Non ho più che una parola a dire. Ho tentato di trattare questa questione con un modo giusto e calmo. Ho parlato della importanza di una giustizia politica eguale per tutti, arrossirei di terminare senza dire una parola di quanto deve risvegliare fortemente le simpatie cristiane. Vi ha un libro, che è proprietà comune della razza di Israello e di noi Cristiani. Questo libro ci stringe in un vincolo comune, ed in quel libro io leggo che il popolo di Israello è il più antico popolo del mondo. La Russia, l'Austria, l'Inghilterra non datano che da ieri in confronto di questo popolo imperituro che — con una inesauribile vitalità, con tradizioni immutabili, colla sua fede in Dio e nelle leggi di Dio, disperso su tutto il globo, passando a traverso il fuoco senza bruciarsi, trascinato nel fango senza insozzarsi — è ancora qui in mezzo a noi, come un testimonio ed un avvertimento. Noi abbiamo con lui un patto di fraternità. Il nuovo Testamento ha nel vecchio la sua base. Gli Ebrei accettano la metà delle credenze per cui noi daremmo volentieri la vita. Confessiamo adunque che essi sono uniti a noi in una simpatia comune. Io leggo in quel libro queste parole: “Io sono infiammato da un gran corruccio contro le nazioni possenti e ricche, perchè io era un po' irritato contro Israele ed essi aumentarono la sua afflizione.” Ciò vuol dire: “Il mio popolo era disperso; ha sofferto disgrazie inaudite ed inconcepibili, e le nazioni che erano potenti, che erano ricche e che avevano il potere, lo hanno colpito ed hanno aumentato l'afflizione di cui già soffriva.” Io spero non vi sia in tutta Inghilterra una persona che si dica civile e cristiana che possa avere il cuore di accrescere con una sola parola le sofferenze di questo popolo così grande, così antico e così afflitto, ma spero che coi nostri sforzi, colla nostra parola, colla nostra preghiera, faremo quanto è in noi per diminuire, se è possibile, quelle atrocità od almeno per non associarvisi mai. (Lungo scoppio di applausi).
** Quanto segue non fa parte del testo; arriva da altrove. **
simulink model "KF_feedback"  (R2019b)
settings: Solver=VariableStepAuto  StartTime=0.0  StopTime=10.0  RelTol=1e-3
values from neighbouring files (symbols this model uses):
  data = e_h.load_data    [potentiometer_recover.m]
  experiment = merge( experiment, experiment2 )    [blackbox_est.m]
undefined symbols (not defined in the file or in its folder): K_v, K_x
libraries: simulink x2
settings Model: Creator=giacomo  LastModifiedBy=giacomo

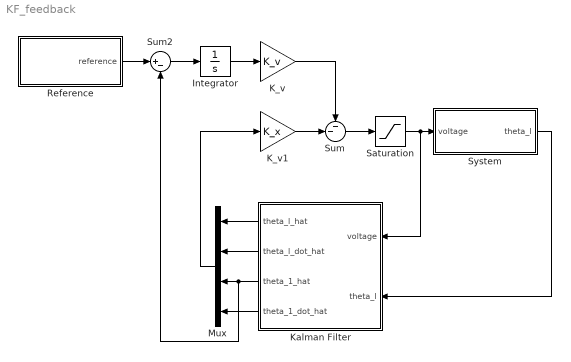
== system KF_feedback ==
  Integrator : Integrator
  K_v : Gain  Gain=K_v
  K_v1 : Gain  Gain=K_x
  Kalman Filter : Subsystem
  Mux : Mux
  Reference : Subsystem
  Saturation : Saturate
  Sum : Sum  Inputs=--|
  Sum2 : Sum  Inputs=|+-
  System : Subsystem
  wires:
  Kalman Filter/3(theta_1_hat) -> Sum2/2, Mux/3
  Reference/1(reference) -> Sum2/1
  Mux/1 -> K_v1/1
  Integrator/1 -> K_v/1
  Sum2/1 -> Integrator/1
  K_v/1 -> Sum/1
  K_v1/1 -> Sum/2
  Kalman Filter/1(theta_l_hat) -> Mux/1
  Kalman Filter/2(theta_l_dot_hat) -> Mux/2
  Kalman Filter/4(theta_1_dot_hat) -> Mux/4
  Sum/1 -> Saturation/1
  Saturation/1 -> Kalman Filter/1(voltage), System/1(voltage)
  System/1(theta_l) -> Kalman Filter/2(theta_l)

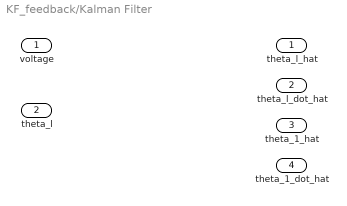
== system KF_feedback/Kalman Filter ==
  voltage : Inport
  theta_l : Inport  Port=2
  theta_l_hat : Outport
  theta_l_dot_hat : Outport  Port=2
  theta_1_hat : Outport  Port=3
  theta_1_dot_hat : Outport  Port=4

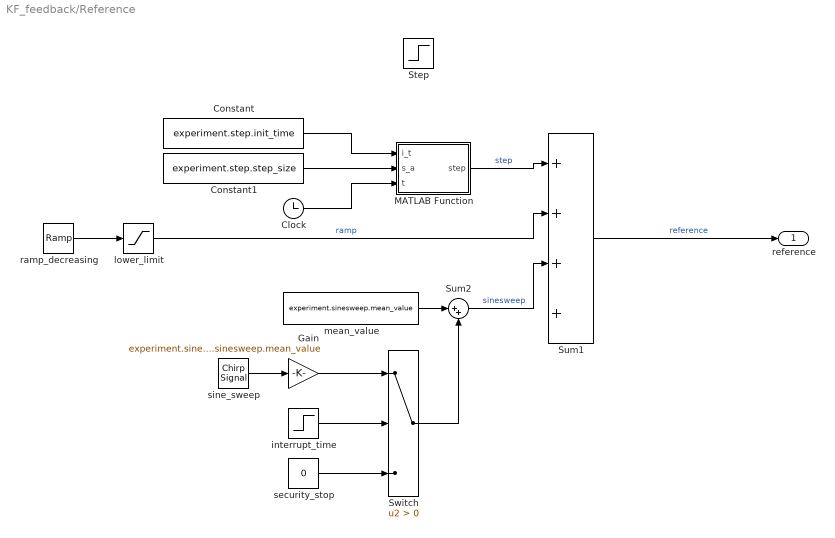
== system KF_feedback/Reference ==
  Clock : Clock
  Constant : Constant  Value=experiment.step.init_time
  Constant1 : Constant  Value=experiment.step.step_size
  Gain : Gain  Gain=experiment.sinesweep.v_max-experiment.sinesweep.mean_value
  MATLAB Function : MATLAB Function  TreatAsAtomicUnit=on
  Step : Step  Before=-data.motor_pos_0  After=0  SampleTime=0
  Sum1 : Sum  Inputs=++++
  Sum2 : Sum  Inputs=|++
  Switch : Switch  Criteria=u2 > Threshold
  interrupt_time : Step  Time=experiment.sinesweep.target_time  Before=1  After=-1  SampleTime=0
  lower_limit : Saturate  UpperLimit=max( experiment.ramp.init_value, experiment.ramp.final_value )  LowerLimit=min( experiment.ramp.init_value, experiment.ramp.final_value )
  mean_value : Constant  Value=experiment.sinesweep.mean_value
  ramp_decreasing : simulink/Sources/Ramp  slope=experiment.ramp.ramp_pend  start=experiment.ramp.init_time  InitialOutput=experiment.ramp.init_value
  security_stop : Constant  Value=0
  sine_sweep : simulink/Sources/Chirp Signal  f1=experiment.sinesweep.init_freq  T=experiment.sinesweep.target_time  f2=experiment.sinesweep.final_freq
  reference : Outport
  wires:
  mean_value/1 -> Sum2/1
  lower_limit/1 -> Sum1/2  "ramp"
  Switch/1 -> Sum2/2
  interrupt_time/1 -> Switch/2
  Sum2/1 -> Sum1/3  "sinesweep"
  Sum1/1 -> reference/1  "reference"
  security_stop/1 -> Switch/3
  ramp_decreasing/1 -> lower_limit/1
  Gain/1 -> Switch/1
  sine_sweep/1 -> Gain/1
  Clock/1 -> MATLAB Function/3(t)
  Constant/1 -> MATLAB Function/1(i_t)
  Constant1/1 -> MATLAB Function/2(s_a)
  MATLAB Function/1(step) -> Sum1/1  "step"

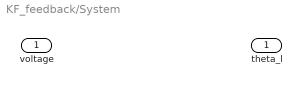
== system KF_feedback/System ==
  voltage : Inport
  theta_l : Outport

== matlab function KF_feedback/Reference/MATLAB Function ==
  data: i_t input; step output; s_a input; t input
function step = multistep(i_t, s_a, t)

% it is assumed i_t is sorted!

% find the first time step that is greater than actual time. 
step = 0;
for idx = 1:length(i_t) 
    if i_t(idx) <= t
        step = s_a(idx);
    end
end

[(362)] L'Eminentissimo Manning figurava coi principali personaggi della Chiesa Anglicana e col fior fiore della Società londinese fra i promotori del Meeting.
[XXXI.]
Il giornale SION e l'opinione di un Archimandrita greco.
Col titolo di Sion si pubblica da circa quattro anni in Atene, in lingua greca, un importante periodico ebdomadario, il quale si occupa particolarmente di Sacra letteratura, di religione e di scienza biblica. Ne è Direttore il rev. Archimandrita D. Latta, cui, ci si assicura, attende un alto posto nell'episcopato greco-scismatico.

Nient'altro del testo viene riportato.